Moving from Middle School to High School is an important rite of passage, and this year 83 students celebrated this transition during the Grade 8 celebration, which took place on June 10, 2016, in the presence of Middle School Principal Phil Wendel.

“Middle School is not always easy,” Head of School Hamilton Clark told students. “For many, these are awkward years when you shoot up from childhood to adolescence, and yet are right around the corner from adulthood.”
Indeed student testimonials collected from the soon-to-be high schoolers showed that some had struggled with making friends, while others tried to discover their interests, and still others struggled with a heavier academic workload.

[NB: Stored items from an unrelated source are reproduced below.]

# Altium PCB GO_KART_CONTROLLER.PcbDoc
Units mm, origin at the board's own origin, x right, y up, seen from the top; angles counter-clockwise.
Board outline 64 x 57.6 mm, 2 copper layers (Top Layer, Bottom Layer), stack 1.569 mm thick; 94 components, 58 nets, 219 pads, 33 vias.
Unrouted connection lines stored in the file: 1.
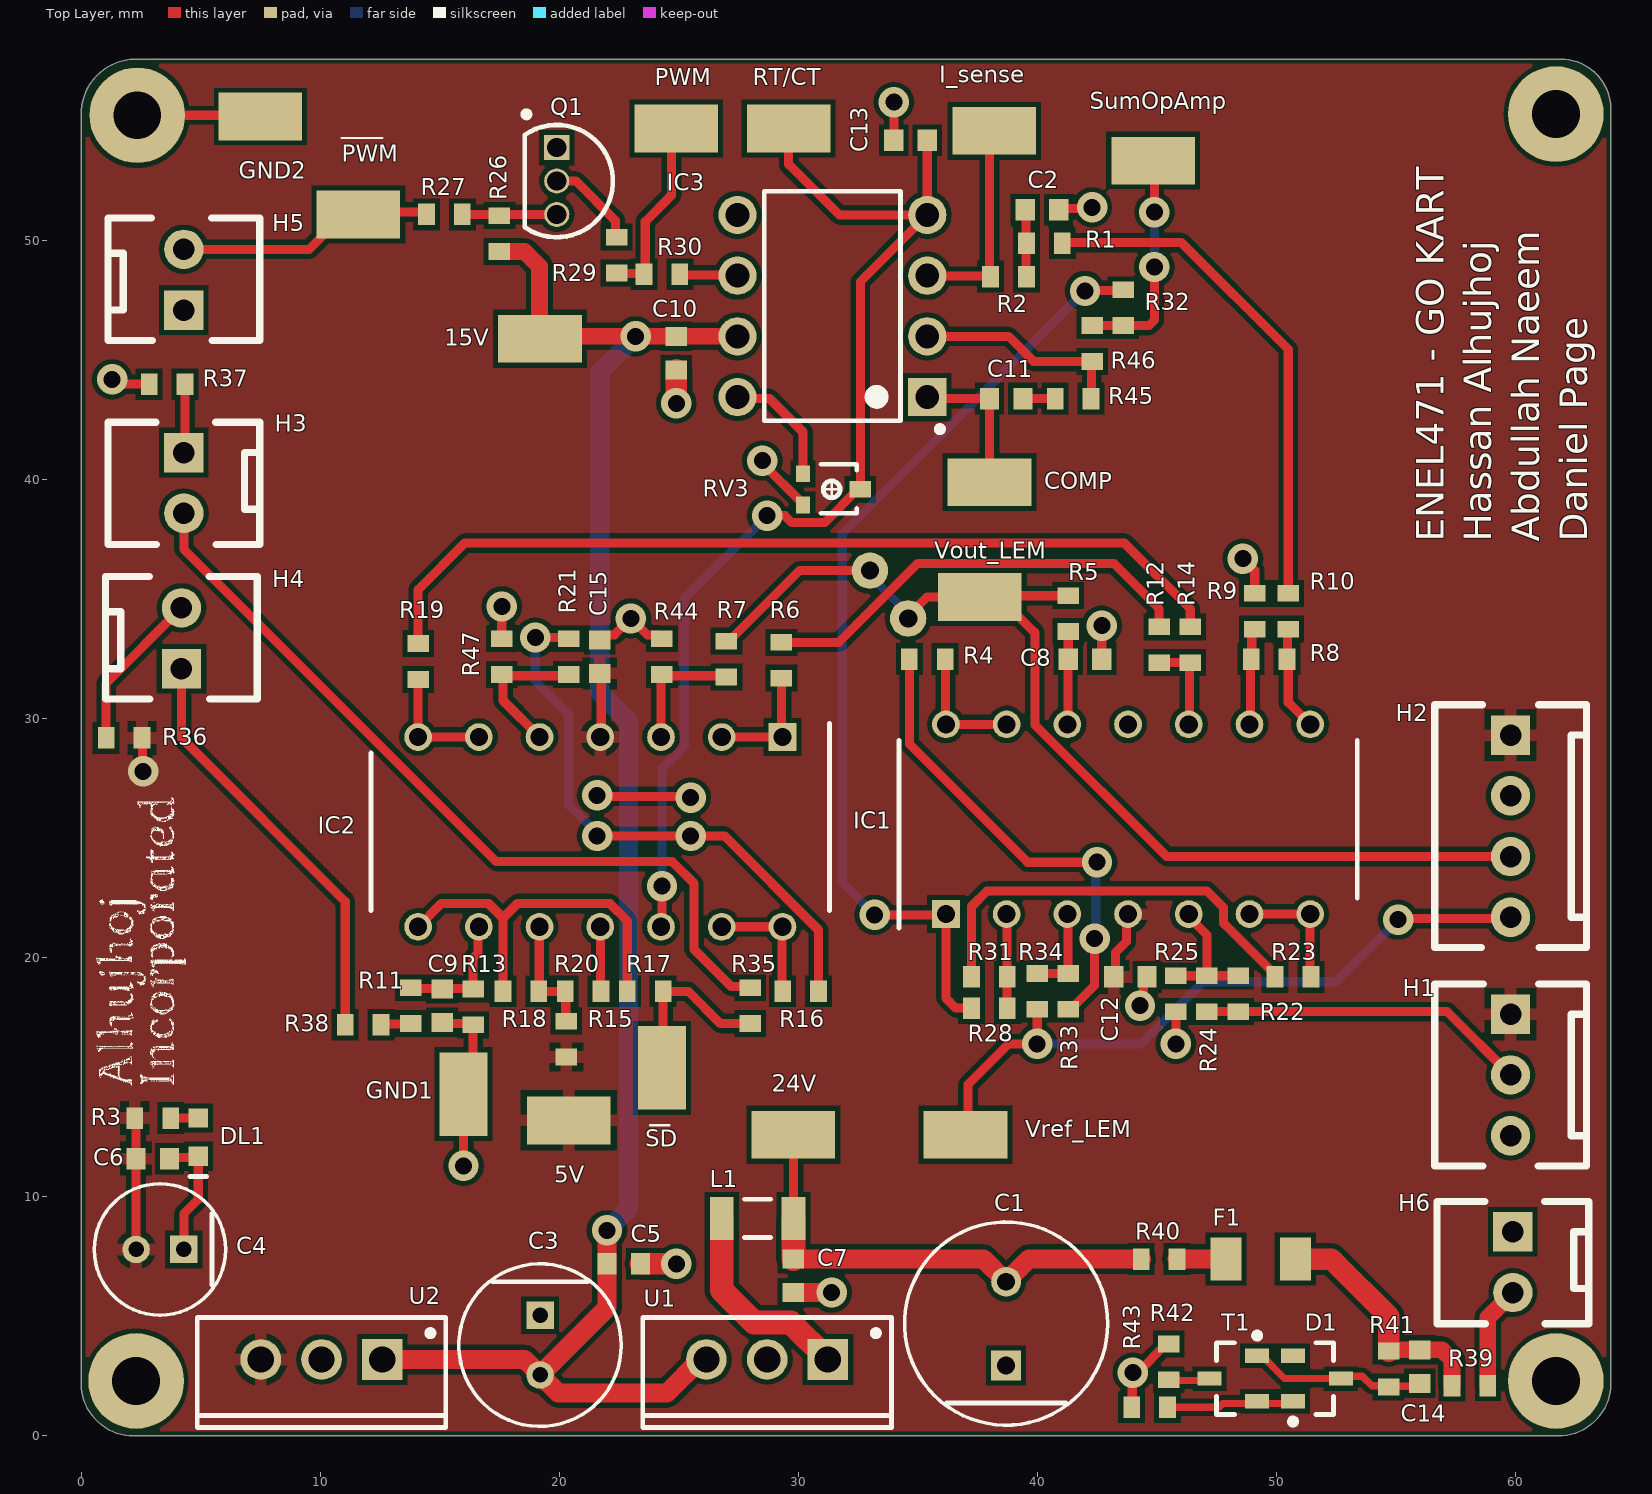
[diagram p0: Top Layer view]
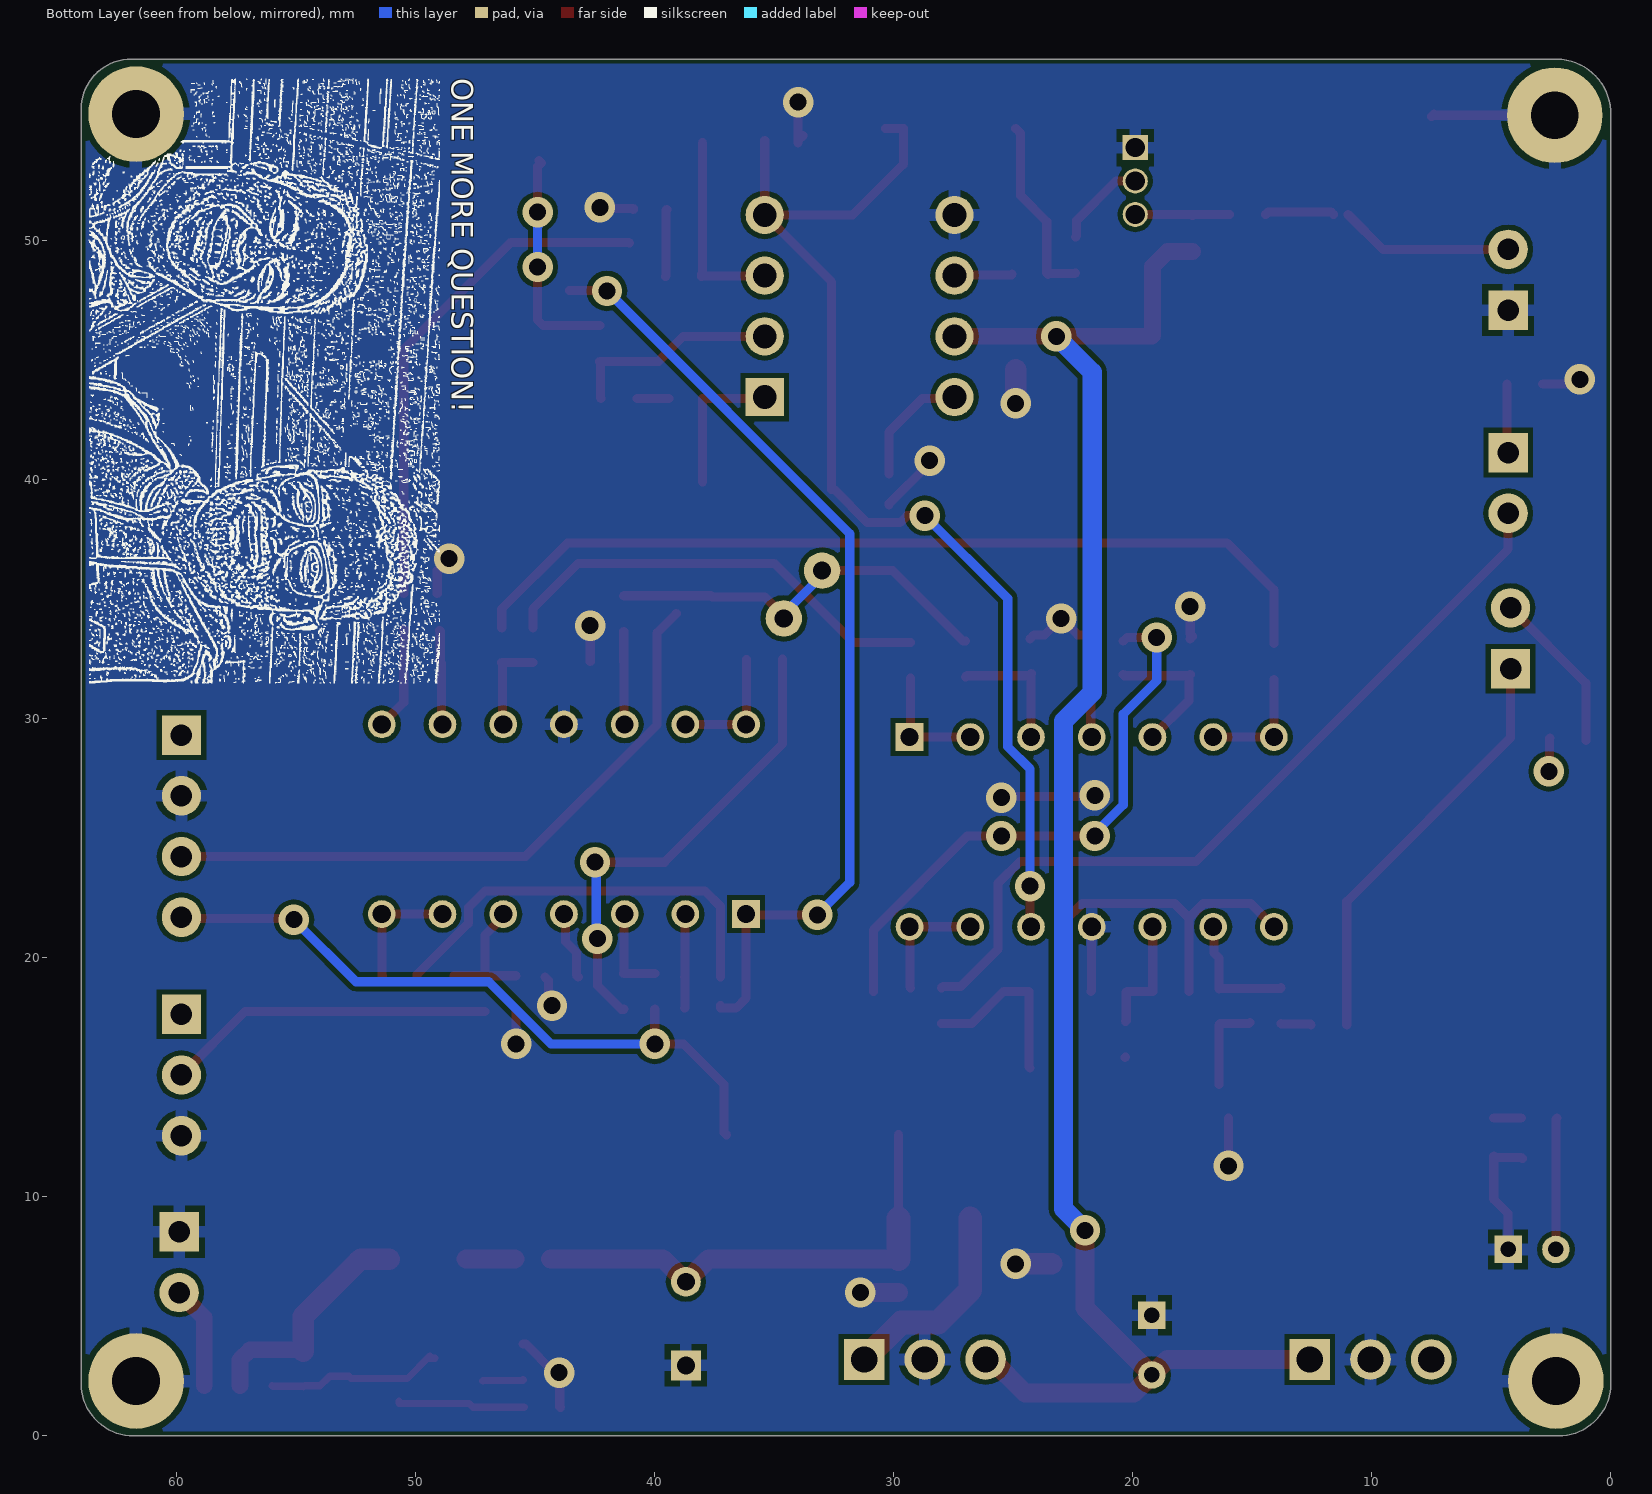
[diagram p1: Bottom Layer view, seen from below]

## Layer stack, top to bottom
Top Solder: solder mask 0.0254, SM-001, Dk 4
Top Layer: signal copper 0.035
Dielectric 1: core 1.4986, Core-043, Dk 4.3
Bottom Layer: signal copper 0.035
Bottom Solder: solder mask 0.0254, SM-001, Dk 4

## Board outline
2.254,57.6 61.9,57.6 cw(c61.9,55.5) 64,55.5 64,2.2 cw(c61.8,2.2) 61.8,0 2.2,0 cw(c2.2,2.2) 0,2.2 0,55.256 cw(c2.299,55.301)

## Design rules (kind name [scope] priority, off if disabled: settings)
BoardOutlineClearance [All] p1: gap=0.2 ignorepadtopadclearanceinfootprint=FALSE except(0.4: Arc-SplitBarrior Arc-SplitContinuation Track-SplitBarrior Track-SplitContinuation SMDPad-SplitBarrior SMDPad-SplitContinuation THPad-SplitBarrior THPad-SplitContinuation Via-SplitBarrior Via-SplitContinuation Fill-SplitBarrior Fill-SplitContinuation Poly-SplitBarrior Poly-SplitContinuation Region-SplitBarrior Region-SplitContinuation Text-SplitBarrior Text-SplitContinuation)
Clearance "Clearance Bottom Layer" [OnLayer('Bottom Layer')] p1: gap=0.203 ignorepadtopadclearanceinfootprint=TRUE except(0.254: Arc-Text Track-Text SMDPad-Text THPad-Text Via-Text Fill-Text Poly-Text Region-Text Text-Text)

Most, however, recognized that their teachers and, in many cases, their classmates had helped them get through the difficulties, reaching more solid ground.

“Fortunately, at ACS you have had a lot of support from teachers and administrators who care about you and who understand the challenges of the Middle School years, and they have been here to guide you through this challenging time,” continued Clark, who invited the students to continue to seek out the teachers whom they have learned to trust as they move into another chapter of their school experience.

Clark invited students to take the risk of loving, caring, making mistakes, because “the greatest hazard in life is not to take any risk.”

Reading an excerpt from “Outward Bound,” a 70-year-old American adventure program whose mission is to create more resilient and compassionate citizens who impact their world in a positive way, Clark said, “The person who asks nothing; does nothing … may avoid suffering and sorrow, but they cannot learn, feel, change, grow, love, live. Chained by their attitudes they are a slave. They have forfeited their freedom. Only a person who risks is free.”

He continued, “Next year and every year, gather your courage and take some risks. Try out for a sport; try out for a part in the play. Stick up for a student whom others are bullying, support the underdog. Be willing to express an unpopular opinion if it is something that you really believe in. Speak out for those who have no voice. Take on a community service project for those who are less fortunate. Don’t be complacent … If you are not yet as engaged as you wish to be, become an ACS activist, risk expressing your feelings, risk being wrong.”

During the ceremony, which was interspersed with student performances, the Community Award was presented to Jana H. and Ali C.; the Commitment Award was presented to Yasmina B.; and the Citizen Award to Delaney L. and Maysoun B.